• YOUR GOAL:
Using the data below, gather each line that includes the word "header".

= = =

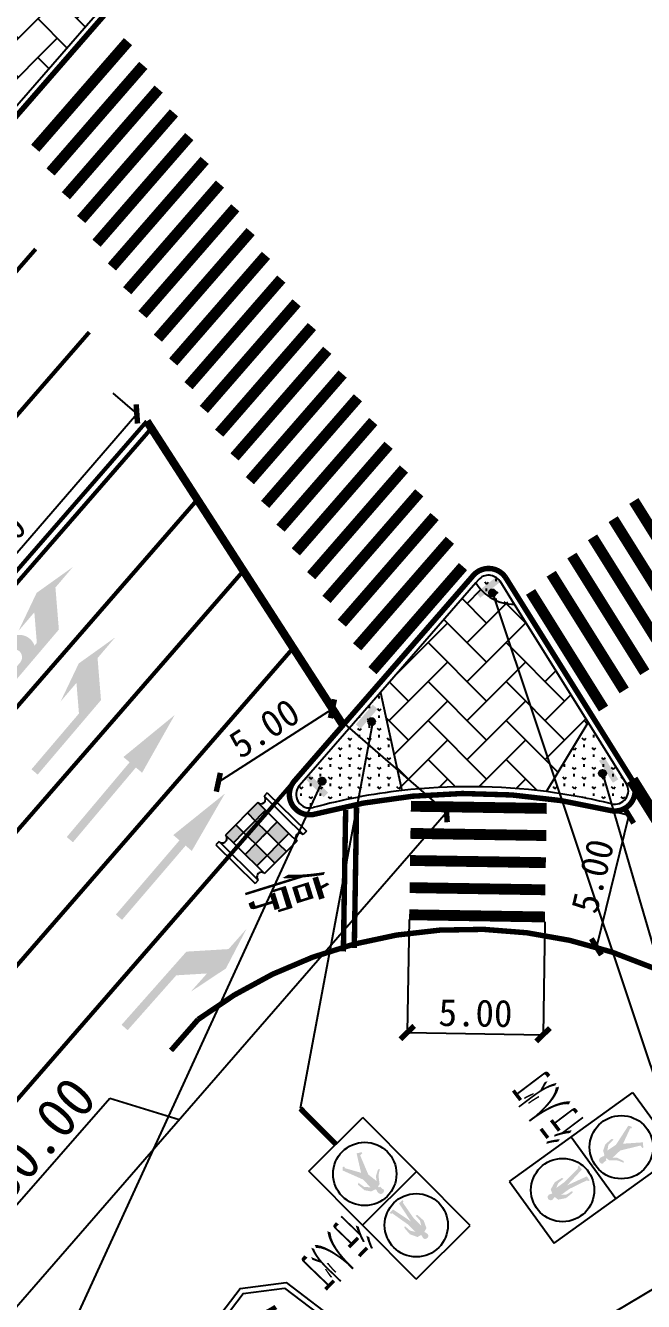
# Model space of a CAD drawing. Extents: x 529560 to 530007, y 3020699 to 3021211.
# Drawn here: x 529732.65 to 529755.4, y 3020873.53 to 3020920.55 of the extents above; entities that cross this region are included whole.
import ezdxf

# ---------------------------------------------------------------- set-up
doc = ezdxf.new("R2010")
doc.units = 0
doc.header["$LTSCALE"] = 0.5
doc.header["$PDMODE"] = 32
doc.linetypes.add('JTSS01', pattern=[6, 2, -4])
doc.linetypes.add('JTSS02', pattern=[2, 1, -1])
doc.layers.get('0').update_dxf_attribs({"linetype": 'CONTINUOUS'})
doc.layers.get('Defpoints').update_dxf_attribs({"linetype": 'CONTINUOUS'})
for name, color, linetype in [('@-交通信号', 7, 'CONTINUOUS'), ('@-交通标志', 7, 'CONTINUOUS'), ('@-设计标注', 7, 'CONTINUOUS'), ('@-隔离岛', 3, 'CONTINUOUS'), ('交通标志', 7, 'CONTINUOUS')]:
    doc.layers.add(name, color=color, linetype=linetype)
doc.layers.add('@-道路标线', color=7, linetype='CONTINUOUS', lineweight=0)
doc.styles.add('--黑体', font='simhei.ttf')
doc.styles.add('HT', font='rd.shx', dxfattribs={"bigfont": 'ht.shx'})
doc.styles.add('STYLE1', font='simhei.ttf', dxfattribs={"width": 0.8})
doc.styles.add('黑体', font='simhei.ttf')
doc.dimstyles.new('标志标注', dxfattribs={"dimtxt": 1, "dimasz": 0.5, "dimexe": 0, "dimexo": 0, "dimgap": 0.25, "dimtad": 1, "dimzin": 0, "dimdsep": 46, "dimtxsty": '--黑体', "dimblk": 'ARCHTICK', "dimcen": 0.09, "dimadec": 0, "dimazin": 0, "dimtfac": 1, "dimtix": 1, "dimtmove": 2, "dimatfit": 0, "dimfxl": 1, "dimtolj": 1, "dimtzin": 0, "dimarcsym": 0})
pattern_1 = [(90, (-9e-05, 2e-05), (-0.35920999999, 0.35921000001), [0.09525, -0.62317]), (44.999999998, (-9e-05, 2e-05), (-0.35921024483, 0.35921024485), [0.09525, -0.41275]), (134.999999998, (-9e-05, 2e-05), (-0.35921024485, -0.35921024483), [0.09525, -0.41275])]

# ---------------------------------------------------------------- blocks, each defined once
blk = doc.blocks.new('_ArchTick')
at = {"color": 0, "linetype": 'ByBlock', "const_width": 0.4}
blk.add_lwpolyline([(-0.5, -0.5), (0.5, 0.5)], dxfattribs=at)
blk = doc.blocks.new('*D24')
at = {"layer": '@-设计标注', "color": 0, "linetype": 'Continuous', "lineweight": -2, "transparency": 16777216}
for p, q in [((529746.767, 3020887.608), (529746.701, 3020883.443)), ((529751.767, 3020887.528), (529751.7, 3020883.363)), ((529746.701, 3020883.443), (529751.7, 3020883.363))]:
    blk.add_line(p, q, dxfattribs=at)
at = {"layer": 'Defpoints', "color": 0, "linetype": 'Continuous', "transparency": 16777216}
for p in [(529746.767, 3020887.608, 1475.285), (529751.767, 3020887.528, 1475.285), (529751.7, 3020883.363)]:
    blk.add_point(p, dxfattribs=at)
at = {"layer": '@-设计标注', "color": 0, "linetype": 'Continuous', "lineweight": -2, "transparency": 16777216, "xscale": 0.5, "yscale": 0.5, "zscale": 0.5}
for p, rotation in [((529746.701, 3020883.443), 179.0830440871337), ((529751.7, 3020883.363), 359.0830440871337)]:
    blk.add_blockref('_ArchTick', p, dxfattribs=dict(at, rotation=rotation))
at = {"layer": '@-设计标注', "color": 0, "linetype": 'Continuous', "transparency": 16777216, "insert": (529749.213, 3020884.158), "char_height": 1, "attachment_point": 5, "rotation": 359.083, "style": '--黑体'}
blk.add_mtext('\\A1;5.00', dxfattribs=at)
blk = doc.blocks.new('*D55')
at = {"layer": '@-设计标注', "color": 0, "linetype": 'Continuous', "lineweight": -2, "transparency": 16777216}
for p, q in [((529735.854, 3020907.007), (529736.744, 3020906.237)), ((529726.938, 3020894.886), (529736.744, 3020906.237)), ((529726.048, 3020895.656), (529726.938, 3020894.886))]:
    blk.add_line(p, q, dxfattribs=at)
at = {"layer": 'Defpoints', "color": 0, "linetype": 'Continuous', "transparency": 16777216}
for p in [(529735.854, 3020907.007, 1475.285), (529736.744, 3020906.237), (529726.048, 3020895.656, 1475.285)]:
    blk.add_point(p, dxfattribs=at)
at = {"layer": '@-设计标注', "color": 0, "linetype": 'Continuous', "lineweight": -2, "transparency": 16777216, "xscale": 0.5, "yscale": 0.5, "zscale": 0.5}
for p, rotation in [((529736.744, 3020906.237), 49.17648285618539), ((529726.938, 3020894.886), 229.1764828561854)]:
    blk.add_blockref('_ArchTick', p, dxfattribs=dict(at, rotation=rotation))
at = {"layer": '@-设计标注', "color": 0, "linetype": 'Continuous', "transparency": 16777216, "insert": (529731.27, 3020901.056), "char_height": 1, "attachment_point": 5, "rotation": 49.1765, "style": '--黑体'}
blk.add_mtext('\\A1;15.00', dxfattribs=at)
blk = doc.blocks.new('*D68')
at = {"layer": '@-设计标注', "color": 0, "linetype": 'Continuous', "lineweight": -2, "transparency": 16777216}
for p, q in [((529744.204, 3020894.973), (529748.147, 3020891.545)), ((529748.147, 3020891.545), (529728.464, 3020868.905)), ((529735.745, 3020881.017), (529732, 3020876.71)), ((529738.306, 3020880.225), (529735.745, 3020881.017)), ((529724.521, 3020872.333), (529728.464, 3020868.905))]:
    blk.add_line(p, q, dxfattribs=at)
at = {"layer": 'Defpoints', "color": 0, "linetype": 'Continuous', "transparency": 16777216}
for p in [(529744.204, 3020894.973), (529724.521, 3020872.333), (529728.464, 3020868.905)]:
    blk.add_point(p, dxfattribs=at)
at = {"layer": '@-设计标注', "color": 0, "linetype": 'Continuous', "lineweight": -2, "transparency": 16777216, "xscale": 0.5, "yscale": 0.5, "zscale": 0.5}
for p, rotation in [((529748.147, 3020891.545), 48.99575340867348), ((529728.464, 3020868.905), 228.9957534086735)]:
    blk.add_blockref('_ArchTick', p, dxfattribs=dict(at, rotation=rotation))
at = {"layer": '@-设计标注', "color": 0, "linetype": 'Continuous', "transparency": 16777216, "insert": (529733.111, 3020879.525), "char_height": 1.5, "attachment_point": 5, "rotation": 48.9958, "style": '--黑体'}
blk.add_mtext('\\A1;30.00', dxfattribs=at)
blk = doc.blocks.new('*D118')
at = {"layer": '@-设计标注', "color": 0, "linetype": 'Continuous', "lineweight": -2, "transparency": 16777216}
for p, q in [((529754.853, 3020891.458), (529753.662, 3020886.602)), ((529754.162, 3020891.628), (529754.853, 3020891.458)), ((529752.97, 3020886.772), (529753.662, 3020886.602))]:
    blk.add_line(p, q, dxfattribs=at)
at = {"layer": 'Defpoints', "color": 0, "linetype": 'Continuous', "transparency": 16777216}
for p in [(529754.162, 3020891.628), (529752.97, 3020886.772), (529753.662, 3020886.602)]:
    blk.add_point(p, dxfattribs=at)
at = {"layer": '@-设计标注', "color": 0, "linetype": 'Continuous', "lineweight": -2, "transparency": 16777216, "xscale": 0.5, "yscale": 0.5, "zscale": 0.5}
for p, rotation in [((529754.853, 3020891.458), 76.21205529741536), ((529753.662, 3020886.602), 256.2120552974154)]:
    blk.add_blockref('_ArchTick', p, dxfattribs=dict(at, rotation=rotation))
at = {"layer": '@-设计标注', "color": 0, "linetype": 'Continuous', "transparency": 16777216, "insert": (529753.524, 3020889.21), "char_height": 1, "attachment_point": 5, "rotation": 76.2121, "style": '--黑体'}
blk.add_mtext('\\A1;5.00', dxfattribs=at)
blk = doc.blocks.new('*D127')
at = {"layer": '@-设计标注', "color": 0, "linetype": 'Continuous', "lineweight": -2, "transparency": 16777216}
for p, q in [((529739.744, 3020892.664), (529743.945, 3020895.374)), ((529743.945, 3020895.374), (529743.945, 3020895.374)), ((529739.744, 3020892.664), (529739.744, 3020892.664))]:
    blk.add_line(p, q, dxfattribs=at)
at = {"layer": 'Defpoints', "color": 0, "linetype": 'Continuous', "transparency": 16777216}
for p in [(529743.945, 3020895.374), (529743.945, 3020895.374), (529739.744, 3020892.664)]:
    blk.add_point(p, dxfattribs=at)
at = {"layer": '@-设计标注', "color": 0, "linetype": 'Continuous', "lineweight": -2, "transparency": 16777216, "xscale": 0.5, "yscale": 0.5, "zscale": 0.5}
for p, rotation in [((529743.945, 3020895.374), 32.82701476741076), ((529739.744, 3020892.664), 212.8270147674108)]:
    blk.add_blockref('_ArchTick', p, dxfattribs=dict(at, rotation=rotation))
at = {"layer": '@-设计标注', "color": 0, "linetype": 'Continuous', "transparency": 16777216, "insert": (529741.435, 3020894.654), "char_height": 1, "attachment_point": 5, "rotation": 32.827, "style": '--黑体'}
blk.add_mtext('\\A1;5.00', dxfattribs=at)
blk = doc.blocks.new('A$C3C3D2F93')
at = {"layer": '@-交通信号', "linetype": 'ByBlock', "lineweight": -3}
for points in [[(0.637, 0.384, 1), (0.372, 0.384, 1)], [(0.956, 0), (0.961, 0.236), (0.005, 0.257), (0, 0.022)]]:
    blk.add_hatch(color=14, dxfattribs=at).paths.add_polyline_path(points)
at = {"layer": '@-交通信号', "color": 14}
blk.add_circle((0.504, 0.384), 0.132, dxfattribs=at)
blk = doc.blocks.new('A$C20262908')
at = {"layer": '@-交通信号'}
h = blk.add_hatch(color=256, dxfattribs=at)
h.paths.add_polyline_path([(1.601, 6.21), (1.706, 6.036), (1.722, 5.788), (1.783, 5.821), (1.804, 6.13), (1.677, 6.402), (1.523, 6.443), (1.539, 6.504), (1.559, 6.569), (1.543, 6.63), (1.502, 6.668), (1.445, 6.684), (1.388, 6.668), (1.347, 6.63), (1.331, 6.569), (1.351, 6.504), (1.367, 6.443), (1.213, 6.402), (1.087, 6.13), (1.107, 5.821), (1.168, 5.788), (1.184, 6.036), (1.29, 6.21), (1.29, 5.821), (1.168, 5.121), (1.123, 5.111), (1.111, 5.044), (1.29, 5.044), (1.445, 5.821), (1.601, 5.044), (1.779, 5.044), (1.767, 5.111), (1.722, 5.121), (1.601, 5.821)])
h.paths.add_polyline_path([(1.341, 3.49), (1.054, 2.775), (0.944, 2.773), (0.925, 2.741), (1.096, 2.633), (1.484, 3.257), (1.792, 2.709), (1.763, 2.677), (1.767, 2.651), (1.81, 2.633), (1.908, 2.713), (1.604, 3.493), (1.618, 3.874), (1.771, 3.714), (1.81, 3.45), (1.876, 3.49), (1.847, 3.801), (1.705, 4.004), (1.535, 4.062), (1.528, 4.106, 0.207228), (1.537, 4.304, 0.071106), (1.522, 4.326, 0.097589), (1.506, 4.338, 0.022233), (1.487, 4.346, 0.040799), (1.476, 4.348, 0.045979), (1.448, 4.351, 0.036358), (1.412, 4.348, 0.028309), (1.393, 4.345, 0.024691), (1.371, 4.338, 0.079385), (1.346, 4.324, 0.12435), (1.335, 4.309, 0.081145), (1.33, 4.289, 0.069556), (1.332, 4.266, 0.00473), (1.334, 4.256, 0.009011), (1.335, 4.251, 0.057142), (1.341, 4.235, -0.068241), (1.346, 4.222, -0.124353), (1.345, 4.202, 0.089456), (1.342, 4.175, 0.014819), (1.344, 4.155, -0.022419), (1.346, 4.134, 0.042847), (1.346, 4.124, 0.182875), (1.348, 4.118, 0.101619), (1.357, 4.113, 0.029922), (1.401, 4.103), (1.401, 4.058), (1.292, 4.033), (1.222, 3.94), (1.111, 3.794), (1.071, 3.758), (0.896, 3.648), (0.949, 3.608), (1.139, 3.707), (1.186, 3.732), (1.292, 3.875)])
for p, q in [((0, 7.463), (0, 1.854)), ((2.805, 7.463), (0, 7.463)), ((2.805, 7.463), (2.805, 1.854)), ((2.805, 4.659), (0, 4.659)), ((2.805, 1.854), (0, 1.854))]:
    blk.add_line(p, q, dxfattribs=at)
at = {"layer": '@-交通信号', "const_width": 0.2, "flags": 128}
blk.add_lwpolyline([(1.402, 1.854), (1.402, 0)], dxfattribs=at)
at = {"layer": '@-交通信号', "color": 1}
blk.add_circle((1.402, 6.061), 1.166, dxfattribs=at)
at = {"layer": '@-交通信号', "color": 3}
blk.add_circle((1.418, 3.384), 1.166, dxfattribs=at)
blk = doc.blocks.new('人行灯')
at = {"layer": '@-交通信号', "rotation": 335.5426217795846}
blk.add_blockref('A$C20262908', (502933.847, 73806.932), dxfattribs=at)
at = {"layer": '@-交通信号', "style": 'HT', "width": 0.6}
blk.add_text('行人灯', height=1.5, rotation=336.8117, dxfattribs=at).set_placement((502938.13, 73809.252))
blk = doc.blocks.new('A$C348E0356')
at = {"layer": '交通标志', "lineweight": 15}
h = blk.add_hatch(color=1, dxfattribs=at)
h.paths.add_polyline_path([(3.003, 1.582), (2.699, 2.053), (2.346, 1.825), (2.65, 1.354)])
h.paths.add_polyline_path([(1.7, 2.828), (2.004, 2.356), (2.357, 2.584), (2.053, 3.056)])
h.paths.add_polyline_path([(2.004, 2.356), (1.473, 2.014), (1.815, 1.484), (2.346, 1.825), (2.213, 2.032)])
h.paths.add_polyline_path([(2.119, 1.012), (1.815, 1.484), (1.285, 1.142), (1.588, 0.67)])
h.paths.add_polyline_path([(1.169, 2.486), (0.639, 2.144), (0.943, 1.672), (1.473, 2.014)])
h.paths.add_polyline_path([(0.943, 1.672), (0.589, 1.444), (0.931, 0.914), (1.285, 1.142), (1.152, 1.348)])
at = {"layer": '交通标志', "lineweight": 25}
for p, q in [((1.769, 3.498), (0, 2.358)), ((1.864, 3.35), (1.769, 3.498)), ((1.864, 3.35), (0.095, 2.211)), ((2.053, 3.056), (1.7, 2.828)), ((2.357, 2.584), (2.053, 3.056)), ((1.169, 2.486), (0.639, 2.144)), ((1.7, 2.828), (1.169, 2.486)), ((1.473, 2.014), (1.169, 2.486)), ((2.004, 2.356), (1.7, 2.828)), ((2.357, 2.584), (2.004, 2.356)), ((2.699, 2.053), (2.357, 2.584)), ((0.095, 2.211), (0, 2.358)), ((0.639, 2.144), (0.285, 1.916)), ((0.943, 1.672), (0.639, 2.144)), ((1.473, 2.014), (0.943, 1.672)), ((2.004, 2.356), (1.473, 2.014)), ((1.815, 1.484), (1.473, 2.014)), ((2.346, 1.825), (2.004, 2.356)), ((2.65, 1.354), (2.213, 2.032)), ((2.699, 2.053), (2.346, 1.825)), ((3.003, 1.582), (2.566, 2.26)), ((0.589, 1.444), (0.285, 1.916)), ((0.943, 1.672), (0.589, 1.444)), ((1.285, 1.142), (0.943, 1.672)), ((1.815, 1.484), (1.285, 1.142)), ((2.119, 1.012), (1.682, 1.69)), ((2.346, 1.825), (1.815, 1.484)), ((3.003, 1.582), (2.65, 1.354)), ((0.931, 0.914), (0.589, 1.444)), ((1.235, 0.442), (0.798, 1.12)), ((1.285, 1.142), (0.931, 0.914)), ((1.588, 0.67), (1.152, 1.348)), ((3.193, 1.287), (1.425, 0.147)), ((3.288, 1.14), (1.52, 0)), ((2.119, 1.012), (1.588, 0.67)), ((2.65, 1.354), (2.119, 1.012)), ((3.288, 1.14), (3.193, 1.287)), ((1.588, 0.67), (1.235, 0.442)), ((1.52, 0), (1.425, 0.147))]:
    blk.add_line(p, q, dxfattribs=at)
for centre, major_axis, start_param, end_param in [((1.959, 3.203), (0.013, 0.175), 0.648166, 3.789759), ((0.19, 2.063), (-0.175, 0.013), 2.218962, 5.360555), ((3.098, 1.434), (-0.175, 0.013), -0.92263, 2.218962), ((1.33, 0.295), (0.013, 0.175), 3.789759, 6.931351)]:
    blk.add_ellipse(centre, major_axis=major_axis, ratio=1, start_param=start_param, end_param=end_param, dxfattribs=at)
blk = doc.blocks.new('A$C174B43BA')
at = {"layer": '交通标志', "linetype": 'ByBlock', "lineweight": -3}
for points in [[(0.637, 0.384, 1), (0.372, 0.384, 1)], [(0.956, 0), (0.961, 0.236), (0.005, 0.257), (0, 0.022)]]:
    blk.add_hatch(color=14, dxfattribs=at).paths.add_polyline_path(points)
at = {"layer": '交通标志', "color": 14}
blk.add_circle((0.504, 0.384), 0.132, dxfattribs=at)
blk = doc.blocks.new('A$C4F5065A2')
at = {"layer": '@-交通标志', "color": 1}
for points in [[(57.9, 197.6), (139.7, 197.6), (197.6, 139.7), (197.6, 57.9), (139.7, 0), (57.9, 0), (0, 57.9), (0, 139.7)], [(61.8, 188.1), (135.8, 188.1), (188.1, 135.8), (188.1, 61.8), (135.8, 9.5), (61.8, 9.5), (9.5, 61.8), (9.5, 135.8)]]:
    blk.add_lwpolyline(points, close=True, dxfattribs=at)
at = {"layer": '@-交通标志', "color": 7, "style": '黑体'}
blk.add_text('停', height=87.2, dxfattribs=at).set_placement((34.4, 53.7))
blk = doc.blocks.new('A$C13FF20AF')
at = {"layer": '交通标志', "color": 5}
for p, q in [((0, 7.8), (7.8, 15.59)), ((7.8, 15.59), (15.59, 7.79)), ((7.79, 0), (0, 7.8)), ((15.59, 7.79), (7.79, 0))]:
    blk.add_line(p, q, dxfattribs=at)
at = {"layer": '交通标志', "color": 7}
for p, q in [((0.98, 8.39), (7.22, 14.62)), ((1.17, 8.19), (7.41, 14.42)), ((8.19, 14.42), (14.42, 8.18)), ((8.39, 14.62), (14.62, 8.37)), ((7.31, 13.16), (6.28, 12.04)), ((6.28, 12.04), (6.28, 11.09)), ((6.28, 11.09), (6.97, 11.84)), ((6.97, 11.84), (6.96, 3.41)), ((8.35, 12.04), (7.31, 13.16)), ((7.65, 7.16), (7.65, 11.84)), ((7.65, 11.84), (8.35, 11.09)), ((8.35, 11.09), (8.35, 12.04)), ((9.69, 10.17), (9.02, 9.5)), ((11.21, 10.23), (9.69, 10.17)), ((11.15, 8.71), (11.21, 10.23)), ((0.92, 8.33), (0.98, 8.39)), ((10.03, 9.54), (7.65, 7.16)), ((8.46, 7), (10.52, 9.06)), ((9.02, 9.5), (10.03, 9.54)), ((10.52, 9.06), (10.48, 8.04)), ((10.48, 8.04), (11.15, 8.71)), ((7.21, 0.97), (0.97, 7.22)), ((1.13, 8.15), (1.17, 8.19)), ((7.4, 1.17), (1.17, 7.41)), ((14.42, 7.4), (8.18, 1.17)), ((8.36, 6.9), (8.46, 7)), ((14.62, 7.2), (8.37, 0.97)), ((14.44, 7.42), (14.42, 7.4)), ((14.65, 7.23), (14.62, 7.2)), ((7.65, 3.41), (7.65, 5.05)), ((6.96, 3.41), (7.65, 3.41)), ((7.27, 0.92), (7.21, 0.97)), ((7.44, 1.13), (7.4, 1.17))]:
    blk.add_line(p, q, dxfattribs=at)
for points in [[(7.22, 14.62), (7.28, 14.68), (7.35, 14.72), (7.42, 14.77), (7.49, 14.8), (7.57, 14.83), (7.65, 14.85), (7.72, 14.86), (7.8, 14.86), (7.88, 14.86), (7.96, 14.84), (8.04, 14.83), (8.11, 14.8), (8.19, 14.77), (8.26, 14.72), (8.33, 14.67)], [(7.41, 14.42), (7.45, 14.46), (7.5, 14.49), (7.55, 14.52), (7.6, 14.54), (7.65, 14.56), (7.7, 14.57), (7.75, 14.58), (7.8, 14.58), (7.86, 14.58), (7.91, 14.57), (7.96, 14.56), (8.01, 14.54), (8.06, 14.52), (8.11, 14.49), (8.15, 14.46), (8.19, 14.42)], [(0.97, 7.22), (0.92, 7.28), (0.87, 7.35), (0.83, 7.42), (0.79, 7.49), (0.77, 7.57), (0.75, 7.65), (0.74, 7.72), (0.73, 7.8), (0.74, 7.88), (0.75, 7.96), (0.77, 8.04), (0.79, 8.11), (0.83, 8.19), (0.87, 8.26), (0.92, 8.33)], [(1.17, 7.41), (1.13, 7.45), (1.1, 7.5), (1.07, 7.55), (1.05, 7.6), (1.03, 7.65), (1.02, 7.7), (1.01, 7.75), (1.01, 7.8), (1.01, 7.86), (1.02, 7.91), (1.03, 7.96), (1.05, 8.01), (1.07, 8.06), (1.1, 8.11), (1.13, 8.15)], [(7.65, 5.05), (7.65, 5.19), (7.66, 5.32), (7.68, 5.46), (7.7, 5.59), (7.73, 5.73), (7.77, 5.85), (7.81, 5.98), (7.86, 6.11), (7.91, 6.23), (7.97, 6.35), (8.04, 6.47), (8.11, 6.58), (8.19, 6.69), (8.27, 6.8), (8.36, 6.9)], [(14.42, 8.18), (14.44, 8.16), (14.46, 8.14), (14.48, 8.12), (14.49, 8.1), (14.51, 8.07), (14.52, 8.05), (14.53, 8.03), (14.54, 8), (14.55, 7.98), (14.56, 7.95), (14.57, 7.92), (14.57, 7.9), (14.58, 7.87), (14.58, 7.84), (14.58, 7.82), (14.58, 7.79), (14.58, 7.76), (14.58, 7.73), (14.58, 7.71), (14.57, 7.68), (14.57, 7.65), (14.56, 7.63), (14.55, 7.6), (14.54, 7.58), (14.53, 7.55), (14.52, 7.53), (14.51, 7.51), (14.49, 7.48), (14.48, 7.46), (14.46, 7.44), (14.44, 7.42)], [(14.62, 8.37), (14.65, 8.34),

= = =

• EXERCISE ANSWER:
doc.header["$LTSCALE"] = 0.5
doc.header["$PDMODE"] = 32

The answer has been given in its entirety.